> _WHAT TO WORK ON_
Beginning with the line that holds "#140=EDGE_CURVE('E12',#139,#139,#137,.T.);" in the data below, give again every line through the one that holds "#158=CIRCLE('',#157,59.9999999999999);", exactly as written.

(Data extracted from a collection)
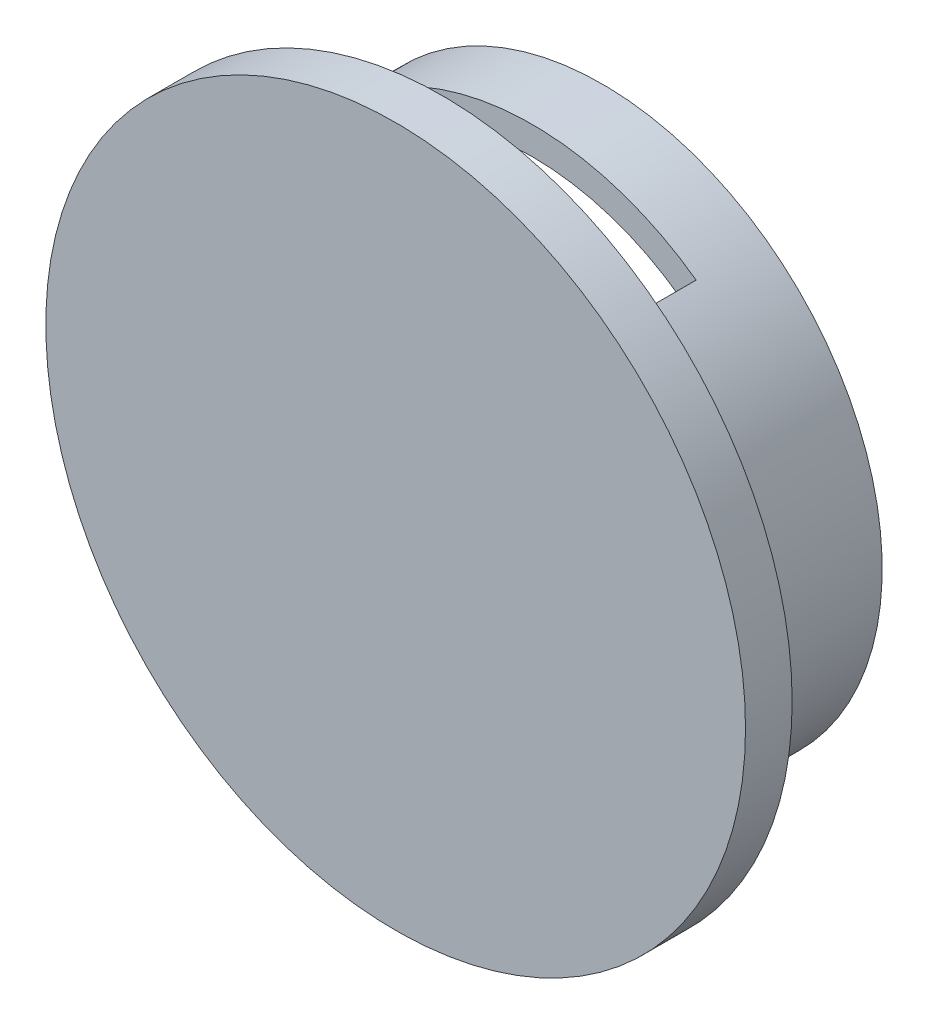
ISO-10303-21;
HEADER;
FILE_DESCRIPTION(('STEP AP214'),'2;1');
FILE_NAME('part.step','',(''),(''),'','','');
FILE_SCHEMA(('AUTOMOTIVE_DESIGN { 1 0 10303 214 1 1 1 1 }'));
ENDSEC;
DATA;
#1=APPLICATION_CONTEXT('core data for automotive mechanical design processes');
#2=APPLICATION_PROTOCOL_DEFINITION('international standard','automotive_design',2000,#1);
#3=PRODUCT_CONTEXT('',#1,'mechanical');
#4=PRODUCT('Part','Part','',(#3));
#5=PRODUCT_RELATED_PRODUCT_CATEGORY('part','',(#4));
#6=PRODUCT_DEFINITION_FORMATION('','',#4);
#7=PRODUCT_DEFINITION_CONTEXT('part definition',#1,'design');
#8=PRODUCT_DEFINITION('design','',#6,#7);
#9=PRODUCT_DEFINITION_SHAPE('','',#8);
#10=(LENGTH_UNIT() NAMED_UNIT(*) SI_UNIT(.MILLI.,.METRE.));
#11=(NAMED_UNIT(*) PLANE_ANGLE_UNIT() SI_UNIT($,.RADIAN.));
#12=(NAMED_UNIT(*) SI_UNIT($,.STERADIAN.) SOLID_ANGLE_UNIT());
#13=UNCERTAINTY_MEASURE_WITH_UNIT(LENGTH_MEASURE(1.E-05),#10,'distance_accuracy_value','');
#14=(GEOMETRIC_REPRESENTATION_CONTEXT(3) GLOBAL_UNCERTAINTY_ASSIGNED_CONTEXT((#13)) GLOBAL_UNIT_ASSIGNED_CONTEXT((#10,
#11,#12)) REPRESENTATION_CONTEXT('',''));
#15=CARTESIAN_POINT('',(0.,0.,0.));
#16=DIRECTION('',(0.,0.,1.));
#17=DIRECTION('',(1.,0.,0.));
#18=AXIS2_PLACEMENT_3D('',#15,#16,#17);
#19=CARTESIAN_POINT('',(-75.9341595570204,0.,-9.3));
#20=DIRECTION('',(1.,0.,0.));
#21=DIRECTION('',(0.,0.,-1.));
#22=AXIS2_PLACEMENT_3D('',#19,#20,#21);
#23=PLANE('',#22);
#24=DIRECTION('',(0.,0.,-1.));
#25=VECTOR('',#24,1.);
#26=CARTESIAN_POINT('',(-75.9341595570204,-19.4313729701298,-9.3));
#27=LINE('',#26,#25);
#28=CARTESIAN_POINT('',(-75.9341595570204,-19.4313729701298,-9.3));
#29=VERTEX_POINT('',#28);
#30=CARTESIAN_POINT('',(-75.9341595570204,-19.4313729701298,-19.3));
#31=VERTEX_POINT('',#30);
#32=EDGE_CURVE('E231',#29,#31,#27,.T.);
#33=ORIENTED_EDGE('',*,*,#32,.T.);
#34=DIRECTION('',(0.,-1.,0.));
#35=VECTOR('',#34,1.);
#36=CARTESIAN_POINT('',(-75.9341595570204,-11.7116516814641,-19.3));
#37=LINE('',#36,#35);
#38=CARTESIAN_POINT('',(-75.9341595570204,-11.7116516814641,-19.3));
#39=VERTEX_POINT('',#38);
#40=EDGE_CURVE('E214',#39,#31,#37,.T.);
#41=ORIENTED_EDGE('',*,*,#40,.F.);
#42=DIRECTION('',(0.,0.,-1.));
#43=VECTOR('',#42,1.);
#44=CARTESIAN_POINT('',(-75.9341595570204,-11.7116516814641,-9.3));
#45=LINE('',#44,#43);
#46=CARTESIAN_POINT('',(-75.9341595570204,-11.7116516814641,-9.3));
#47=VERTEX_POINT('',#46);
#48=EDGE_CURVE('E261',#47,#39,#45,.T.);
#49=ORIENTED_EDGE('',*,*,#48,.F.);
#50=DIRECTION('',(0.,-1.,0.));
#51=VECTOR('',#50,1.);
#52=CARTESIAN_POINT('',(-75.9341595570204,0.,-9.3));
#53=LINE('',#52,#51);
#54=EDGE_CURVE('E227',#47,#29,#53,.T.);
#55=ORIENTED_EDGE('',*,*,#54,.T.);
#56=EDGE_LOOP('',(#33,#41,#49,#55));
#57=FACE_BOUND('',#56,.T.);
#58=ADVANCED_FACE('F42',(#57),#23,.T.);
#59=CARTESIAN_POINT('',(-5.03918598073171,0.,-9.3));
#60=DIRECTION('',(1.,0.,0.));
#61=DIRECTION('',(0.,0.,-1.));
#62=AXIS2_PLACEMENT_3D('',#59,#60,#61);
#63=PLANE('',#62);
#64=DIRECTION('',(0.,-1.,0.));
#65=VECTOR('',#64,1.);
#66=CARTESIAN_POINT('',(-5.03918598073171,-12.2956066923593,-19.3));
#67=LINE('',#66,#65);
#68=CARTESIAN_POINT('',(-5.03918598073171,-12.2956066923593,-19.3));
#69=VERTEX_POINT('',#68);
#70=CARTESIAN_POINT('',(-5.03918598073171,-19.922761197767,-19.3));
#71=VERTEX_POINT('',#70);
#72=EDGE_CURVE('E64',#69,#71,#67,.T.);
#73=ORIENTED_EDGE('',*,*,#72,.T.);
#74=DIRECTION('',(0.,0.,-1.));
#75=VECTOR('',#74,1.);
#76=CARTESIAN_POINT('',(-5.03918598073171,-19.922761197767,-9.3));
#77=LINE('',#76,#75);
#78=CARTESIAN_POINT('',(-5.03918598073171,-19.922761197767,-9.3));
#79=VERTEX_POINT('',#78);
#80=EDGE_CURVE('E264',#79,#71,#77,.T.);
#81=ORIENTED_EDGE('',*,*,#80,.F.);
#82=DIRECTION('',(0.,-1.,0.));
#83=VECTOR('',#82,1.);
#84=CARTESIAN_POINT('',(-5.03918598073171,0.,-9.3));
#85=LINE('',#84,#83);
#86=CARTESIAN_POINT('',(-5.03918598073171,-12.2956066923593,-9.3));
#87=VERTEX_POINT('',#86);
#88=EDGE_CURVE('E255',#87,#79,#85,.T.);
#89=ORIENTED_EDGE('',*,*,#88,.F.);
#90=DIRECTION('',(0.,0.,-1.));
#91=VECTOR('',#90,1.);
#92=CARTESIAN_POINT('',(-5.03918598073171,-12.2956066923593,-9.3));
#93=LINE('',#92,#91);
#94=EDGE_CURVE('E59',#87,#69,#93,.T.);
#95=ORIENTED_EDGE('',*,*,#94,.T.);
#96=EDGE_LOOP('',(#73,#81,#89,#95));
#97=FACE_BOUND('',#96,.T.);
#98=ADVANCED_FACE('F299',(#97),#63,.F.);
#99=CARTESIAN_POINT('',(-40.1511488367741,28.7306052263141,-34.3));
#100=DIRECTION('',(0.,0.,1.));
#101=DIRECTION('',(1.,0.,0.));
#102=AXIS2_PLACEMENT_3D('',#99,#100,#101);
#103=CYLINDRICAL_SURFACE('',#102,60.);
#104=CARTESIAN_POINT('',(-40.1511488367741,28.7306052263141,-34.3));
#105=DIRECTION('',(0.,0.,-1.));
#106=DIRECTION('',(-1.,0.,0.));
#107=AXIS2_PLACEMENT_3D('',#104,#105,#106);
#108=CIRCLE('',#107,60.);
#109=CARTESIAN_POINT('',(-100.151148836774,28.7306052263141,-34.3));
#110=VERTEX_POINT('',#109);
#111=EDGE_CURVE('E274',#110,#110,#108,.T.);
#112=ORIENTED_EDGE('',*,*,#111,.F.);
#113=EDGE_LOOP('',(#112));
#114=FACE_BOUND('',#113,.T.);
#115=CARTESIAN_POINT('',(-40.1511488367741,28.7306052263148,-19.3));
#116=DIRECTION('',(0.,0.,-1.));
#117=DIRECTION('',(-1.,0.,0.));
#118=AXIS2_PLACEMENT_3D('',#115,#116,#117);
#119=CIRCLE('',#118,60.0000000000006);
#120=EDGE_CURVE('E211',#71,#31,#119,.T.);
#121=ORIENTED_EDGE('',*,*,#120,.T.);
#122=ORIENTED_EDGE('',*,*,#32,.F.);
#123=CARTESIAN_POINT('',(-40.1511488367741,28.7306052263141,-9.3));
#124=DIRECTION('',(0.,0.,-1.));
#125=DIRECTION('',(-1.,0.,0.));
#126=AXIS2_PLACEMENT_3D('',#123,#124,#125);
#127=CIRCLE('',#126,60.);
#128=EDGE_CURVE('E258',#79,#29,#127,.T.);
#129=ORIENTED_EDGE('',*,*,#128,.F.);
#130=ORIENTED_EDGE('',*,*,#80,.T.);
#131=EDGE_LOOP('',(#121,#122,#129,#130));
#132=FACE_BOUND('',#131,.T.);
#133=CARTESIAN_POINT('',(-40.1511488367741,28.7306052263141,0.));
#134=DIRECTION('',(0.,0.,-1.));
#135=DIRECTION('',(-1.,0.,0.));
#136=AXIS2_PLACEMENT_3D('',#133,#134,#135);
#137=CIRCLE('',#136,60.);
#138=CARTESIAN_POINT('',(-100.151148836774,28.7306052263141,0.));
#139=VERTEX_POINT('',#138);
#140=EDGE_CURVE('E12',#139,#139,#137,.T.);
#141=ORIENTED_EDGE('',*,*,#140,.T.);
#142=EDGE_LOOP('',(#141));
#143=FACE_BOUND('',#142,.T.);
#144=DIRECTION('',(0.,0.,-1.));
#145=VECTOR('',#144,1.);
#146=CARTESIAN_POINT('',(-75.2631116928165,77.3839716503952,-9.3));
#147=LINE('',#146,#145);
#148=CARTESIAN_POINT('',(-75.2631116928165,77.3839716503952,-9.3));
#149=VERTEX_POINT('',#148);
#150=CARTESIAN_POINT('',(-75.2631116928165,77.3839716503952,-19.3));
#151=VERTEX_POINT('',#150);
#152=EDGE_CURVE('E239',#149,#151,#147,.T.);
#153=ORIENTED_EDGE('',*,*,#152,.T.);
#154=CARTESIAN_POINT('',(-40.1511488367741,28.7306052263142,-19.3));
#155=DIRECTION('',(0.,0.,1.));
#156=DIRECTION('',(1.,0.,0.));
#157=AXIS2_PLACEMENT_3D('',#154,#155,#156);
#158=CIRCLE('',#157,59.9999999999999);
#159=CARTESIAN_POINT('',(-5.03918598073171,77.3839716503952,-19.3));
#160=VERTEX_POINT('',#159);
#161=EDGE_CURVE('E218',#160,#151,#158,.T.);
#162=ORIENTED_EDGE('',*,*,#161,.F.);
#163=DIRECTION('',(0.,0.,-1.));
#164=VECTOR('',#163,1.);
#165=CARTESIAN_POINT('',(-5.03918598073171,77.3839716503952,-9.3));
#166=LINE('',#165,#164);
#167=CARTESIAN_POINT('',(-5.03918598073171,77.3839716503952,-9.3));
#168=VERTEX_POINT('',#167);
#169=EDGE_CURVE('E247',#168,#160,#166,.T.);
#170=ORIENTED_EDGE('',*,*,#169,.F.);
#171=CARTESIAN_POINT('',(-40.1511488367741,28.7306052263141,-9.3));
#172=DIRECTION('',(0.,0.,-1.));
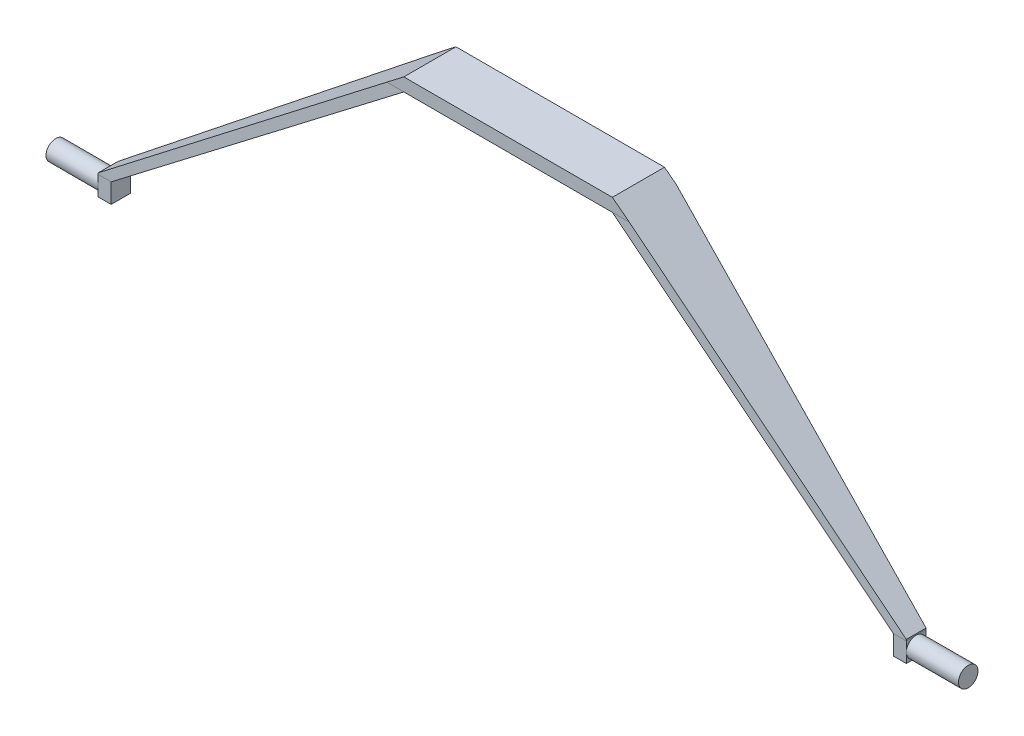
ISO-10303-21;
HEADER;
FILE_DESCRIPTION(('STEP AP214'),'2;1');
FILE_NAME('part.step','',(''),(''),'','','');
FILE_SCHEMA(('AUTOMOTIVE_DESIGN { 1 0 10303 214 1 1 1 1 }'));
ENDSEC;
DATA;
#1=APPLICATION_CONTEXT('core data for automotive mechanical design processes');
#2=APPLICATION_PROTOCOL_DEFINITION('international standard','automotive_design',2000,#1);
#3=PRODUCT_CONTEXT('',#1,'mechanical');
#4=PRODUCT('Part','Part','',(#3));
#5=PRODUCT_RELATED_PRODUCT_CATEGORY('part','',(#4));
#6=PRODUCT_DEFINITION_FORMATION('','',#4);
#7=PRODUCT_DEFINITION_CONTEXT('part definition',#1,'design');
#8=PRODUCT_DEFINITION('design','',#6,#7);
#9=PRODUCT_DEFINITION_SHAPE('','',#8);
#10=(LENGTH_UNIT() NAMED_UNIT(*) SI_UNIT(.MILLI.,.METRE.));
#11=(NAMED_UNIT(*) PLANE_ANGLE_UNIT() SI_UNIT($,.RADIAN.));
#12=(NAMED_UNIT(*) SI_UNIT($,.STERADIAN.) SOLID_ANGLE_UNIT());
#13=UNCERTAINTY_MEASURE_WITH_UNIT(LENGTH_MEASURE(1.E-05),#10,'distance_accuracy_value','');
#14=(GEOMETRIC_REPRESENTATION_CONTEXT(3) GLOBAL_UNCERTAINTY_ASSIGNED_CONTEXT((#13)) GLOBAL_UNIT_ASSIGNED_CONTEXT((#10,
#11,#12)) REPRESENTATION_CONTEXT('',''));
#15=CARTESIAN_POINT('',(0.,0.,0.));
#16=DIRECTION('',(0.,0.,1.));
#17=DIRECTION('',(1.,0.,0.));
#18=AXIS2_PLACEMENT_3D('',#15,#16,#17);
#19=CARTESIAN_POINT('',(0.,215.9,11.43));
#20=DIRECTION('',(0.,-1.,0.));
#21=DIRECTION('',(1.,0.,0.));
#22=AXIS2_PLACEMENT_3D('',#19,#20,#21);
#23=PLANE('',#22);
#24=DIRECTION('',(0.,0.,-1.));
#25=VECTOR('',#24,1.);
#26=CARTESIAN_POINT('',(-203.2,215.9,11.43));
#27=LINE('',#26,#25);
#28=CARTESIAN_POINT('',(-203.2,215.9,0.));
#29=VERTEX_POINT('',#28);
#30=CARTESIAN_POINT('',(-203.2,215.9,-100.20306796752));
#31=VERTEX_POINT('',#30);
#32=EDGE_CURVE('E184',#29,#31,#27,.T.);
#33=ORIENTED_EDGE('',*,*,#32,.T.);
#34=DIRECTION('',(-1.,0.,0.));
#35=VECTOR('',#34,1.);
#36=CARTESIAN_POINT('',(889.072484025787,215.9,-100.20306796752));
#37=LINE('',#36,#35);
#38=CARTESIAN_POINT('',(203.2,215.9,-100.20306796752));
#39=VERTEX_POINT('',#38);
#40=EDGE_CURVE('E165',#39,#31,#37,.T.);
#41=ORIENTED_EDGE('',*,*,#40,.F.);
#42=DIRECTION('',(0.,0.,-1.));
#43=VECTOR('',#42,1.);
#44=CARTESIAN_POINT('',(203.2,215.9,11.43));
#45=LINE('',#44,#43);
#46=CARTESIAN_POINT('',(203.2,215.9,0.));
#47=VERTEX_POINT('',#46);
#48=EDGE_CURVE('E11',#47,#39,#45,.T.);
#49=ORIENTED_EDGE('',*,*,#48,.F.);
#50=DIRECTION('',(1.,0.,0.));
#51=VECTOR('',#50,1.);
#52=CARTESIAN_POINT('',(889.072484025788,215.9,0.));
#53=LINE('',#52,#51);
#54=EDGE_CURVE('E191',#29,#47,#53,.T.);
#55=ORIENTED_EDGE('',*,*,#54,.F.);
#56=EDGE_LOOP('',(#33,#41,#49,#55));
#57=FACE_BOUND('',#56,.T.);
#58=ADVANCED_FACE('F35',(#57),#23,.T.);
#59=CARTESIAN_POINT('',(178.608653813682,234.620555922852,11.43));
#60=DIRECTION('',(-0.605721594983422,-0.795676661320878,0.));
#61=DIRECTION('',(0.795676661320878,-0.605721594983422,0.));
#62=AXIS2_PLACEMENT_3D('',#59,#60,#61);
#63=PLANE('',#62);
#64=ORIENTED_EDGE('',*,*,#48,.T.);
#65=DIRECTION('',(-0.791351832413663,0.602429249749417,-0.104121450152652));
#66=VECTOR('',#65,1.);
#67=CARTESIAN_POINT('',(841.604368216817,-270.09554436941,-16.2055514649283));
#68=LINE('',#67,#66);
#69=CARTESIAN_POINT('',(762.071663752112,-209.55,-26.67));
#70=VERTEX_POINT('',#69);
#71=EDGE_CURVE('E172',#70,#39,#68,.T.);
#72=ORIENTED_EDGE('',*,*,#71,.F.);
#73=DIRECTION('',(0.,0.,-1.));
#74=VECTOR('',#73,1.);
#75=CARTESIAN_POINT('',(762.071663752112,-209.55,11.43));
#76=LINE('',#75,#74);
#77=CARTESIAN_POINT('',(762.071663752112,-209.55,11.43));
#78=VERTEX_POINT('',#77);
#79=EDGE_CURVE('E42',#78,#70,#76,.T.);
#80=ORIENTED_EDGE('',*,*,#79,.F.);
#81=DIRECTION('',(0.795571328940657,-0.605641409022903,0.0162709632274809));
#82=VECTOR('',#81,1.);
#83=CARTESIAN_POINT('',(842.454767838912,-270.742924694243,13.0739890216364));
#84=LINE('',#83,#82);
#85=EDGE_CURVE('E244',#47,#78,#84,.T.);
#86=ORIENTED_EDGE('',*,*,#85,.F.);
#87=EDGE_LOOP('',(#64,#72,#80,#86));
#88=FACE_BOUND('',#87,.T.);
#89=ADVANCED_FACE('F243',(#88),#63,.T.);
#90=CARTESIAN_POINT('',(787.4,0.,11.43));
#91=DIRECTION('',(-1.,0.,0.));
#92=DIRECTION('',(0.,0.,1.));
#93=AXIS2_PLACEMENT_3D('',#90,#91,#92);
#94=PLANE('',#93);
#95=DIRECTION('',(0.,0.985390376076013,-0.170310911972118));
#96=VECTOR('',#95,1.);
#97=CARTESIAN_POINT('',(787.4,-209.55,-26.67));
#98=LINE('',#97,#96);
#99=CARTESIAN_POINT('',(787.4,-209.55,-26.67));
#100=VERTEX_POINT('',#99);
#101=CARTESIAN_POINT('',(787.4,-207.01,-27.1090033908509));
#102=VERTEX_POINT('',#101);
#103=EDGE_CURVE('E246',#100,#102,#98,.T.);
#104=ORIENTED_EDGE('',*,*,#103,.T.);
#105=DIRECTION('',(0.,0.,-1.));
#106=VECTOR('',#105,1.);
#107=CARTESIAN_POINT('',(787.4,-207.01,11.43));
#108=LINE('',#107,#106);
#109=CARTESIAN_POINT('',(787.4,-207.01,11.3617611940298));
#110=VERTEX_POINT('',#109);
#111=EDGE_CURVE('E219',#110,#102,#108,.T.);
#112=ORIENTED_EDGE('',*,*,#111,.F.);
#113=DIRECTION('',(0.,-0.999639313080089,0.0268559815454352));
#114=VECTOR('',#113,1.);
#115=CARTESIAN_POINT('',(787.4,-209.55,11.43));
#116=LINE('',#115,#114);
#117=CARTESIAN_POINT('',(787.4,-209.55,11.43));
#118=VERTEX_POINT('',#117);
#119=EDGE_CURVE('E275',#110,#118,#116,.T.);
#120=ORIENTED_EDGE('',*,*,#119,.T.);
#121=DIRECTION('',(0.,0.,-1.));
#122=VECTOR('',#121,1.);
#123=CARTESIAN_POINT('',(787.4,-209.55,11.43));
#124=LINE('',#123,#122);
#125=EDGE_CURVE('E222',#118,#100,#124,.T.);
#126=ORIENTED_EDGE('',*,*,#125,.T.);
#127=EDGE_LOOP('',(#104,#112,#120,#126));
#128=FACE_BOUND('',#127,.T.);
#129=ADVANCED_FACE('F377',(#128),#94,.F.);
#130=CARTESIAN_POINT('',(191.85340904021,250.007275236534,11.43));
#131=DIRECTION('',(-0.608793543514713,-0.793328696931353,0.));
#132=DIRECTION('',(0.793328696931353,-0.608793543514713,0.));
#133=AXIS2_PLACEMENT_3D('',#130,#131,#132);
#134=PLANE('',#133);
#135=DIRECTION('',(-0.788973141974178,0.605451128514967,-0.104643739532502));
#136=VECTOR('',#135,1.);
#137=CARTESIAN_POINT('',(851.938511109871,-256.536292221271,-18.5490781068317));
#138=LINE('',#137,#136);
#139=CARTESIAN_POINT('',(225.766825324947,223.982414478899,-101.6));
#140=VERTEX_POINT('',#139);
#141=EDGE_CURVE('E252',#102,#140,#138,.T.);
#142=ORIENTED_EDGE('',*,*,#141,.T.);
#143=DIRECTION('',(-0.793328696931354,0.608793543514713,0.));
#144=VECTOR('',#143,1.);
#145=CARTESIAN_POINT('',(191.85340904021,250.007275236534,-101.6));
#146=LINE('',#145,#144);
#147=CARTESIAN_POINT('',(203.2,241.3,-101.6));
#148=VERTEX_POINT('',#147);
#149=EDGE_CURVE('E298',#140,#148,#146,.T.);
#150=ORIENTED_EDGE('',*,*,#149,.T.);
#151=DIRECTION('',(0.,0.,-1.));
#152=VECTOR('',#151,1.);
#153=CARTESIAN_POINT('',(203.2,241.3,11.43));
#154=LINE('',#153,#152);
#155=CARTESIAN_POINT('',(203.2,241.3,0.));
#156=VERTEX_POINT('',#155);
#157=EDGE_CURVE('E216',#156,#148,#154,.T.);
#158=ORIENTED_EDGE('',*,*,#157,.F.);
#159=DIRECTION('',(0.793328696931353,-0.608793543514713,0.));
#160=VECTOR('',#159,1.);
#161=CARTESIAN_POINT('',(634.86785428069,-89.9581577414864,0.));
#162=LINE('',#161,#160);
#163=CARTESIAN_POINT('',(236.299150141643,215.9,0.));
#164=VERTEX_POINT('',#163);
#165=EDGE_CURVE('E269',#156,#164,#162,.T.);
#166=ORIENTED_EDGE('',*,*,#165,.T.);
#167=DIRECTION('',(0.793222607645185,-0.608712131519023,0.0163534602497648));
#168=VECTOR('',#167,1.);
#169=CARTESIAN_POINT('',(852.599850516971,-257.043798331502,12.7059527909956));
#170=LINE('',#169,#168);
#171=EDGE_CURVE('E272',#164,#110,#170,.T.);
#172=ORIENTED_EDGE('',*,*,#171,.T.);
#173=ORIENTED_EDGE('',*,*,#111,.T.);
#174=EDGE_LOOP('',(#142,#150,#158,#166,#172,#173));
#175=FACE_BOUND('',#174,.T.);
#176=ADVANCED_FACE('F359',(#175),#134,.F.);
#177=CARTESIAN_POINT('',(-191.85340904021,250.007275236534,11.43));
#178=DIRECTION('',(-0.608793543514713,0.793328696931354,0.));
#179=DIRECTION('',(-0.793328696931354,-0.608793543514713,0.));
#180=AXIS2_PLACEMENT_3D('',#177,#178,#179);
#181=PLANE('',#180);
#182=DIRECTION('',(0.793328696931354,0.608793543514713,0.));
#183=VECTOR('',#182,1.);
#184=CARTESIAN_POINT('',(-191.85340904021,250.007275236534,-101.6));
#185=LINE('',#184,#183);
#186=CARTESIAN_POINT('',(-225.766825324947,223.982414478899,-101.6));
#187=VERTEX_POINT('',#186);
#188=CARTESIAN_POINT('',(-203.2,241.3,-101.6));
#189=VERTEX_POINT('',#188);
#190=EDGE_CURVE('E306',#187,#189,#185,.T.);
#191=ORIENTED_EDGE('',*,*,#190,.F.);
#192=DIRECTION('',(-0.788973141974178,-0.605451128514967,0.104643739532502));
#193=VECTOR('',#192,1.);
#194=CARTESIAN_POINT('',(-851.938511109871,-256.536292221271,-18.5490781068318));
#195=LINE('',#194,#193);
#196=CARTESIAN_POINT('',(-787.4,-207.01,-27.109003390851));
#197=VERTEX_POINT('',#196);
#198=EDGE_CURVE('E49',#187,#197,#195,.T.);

> _RESPONSE TO THE TASK_
#140=EDGE_CURVE('E12',#139,#139,#137,.T.);
#141=ORIENTED_EDGE('',*,*,#140,.T.);
#142=EDGE_LOOP('',(#141));
#143=FACE_BOUND('',#142,.T.);
#144=DIRECTION('',(0.,0.,-1.));
#145=VECTOR('',#144,1.);
#146=CARTESIAN_POINT('',(-75.2631116928165,77.3839716503952,-9.3));
#147=LINE('',#146,#145);
#148=CARTESIAN_POINT('',(-75.2631116928165,77.3839716503952,-9.3));
#149=VERTEX_POINT('',#148);
#150=CARTESIAN_POINT('',(-75.2631116928165,77.3839716503952,-19.3));
#151=VERTEX_POINT('',#150);
#152=EDGE_CURVE('E239',#149,#151,#147,.T.);
#153=ORIENTED_EDGE('',*,*,#152,.T.);
#154=CARTESIAN_POINT('',(-40.1511488367741,28.7306052263142,-19.3));
#155=DIRECTION('',(0.,0.,1.));
#156=DIRECTION('',(1.,0.,0.));
#157=AXIS2_PLACEMENT_3D('',#154,#155,#156);
#158=CIRCLE('',#157,59.9999999999999);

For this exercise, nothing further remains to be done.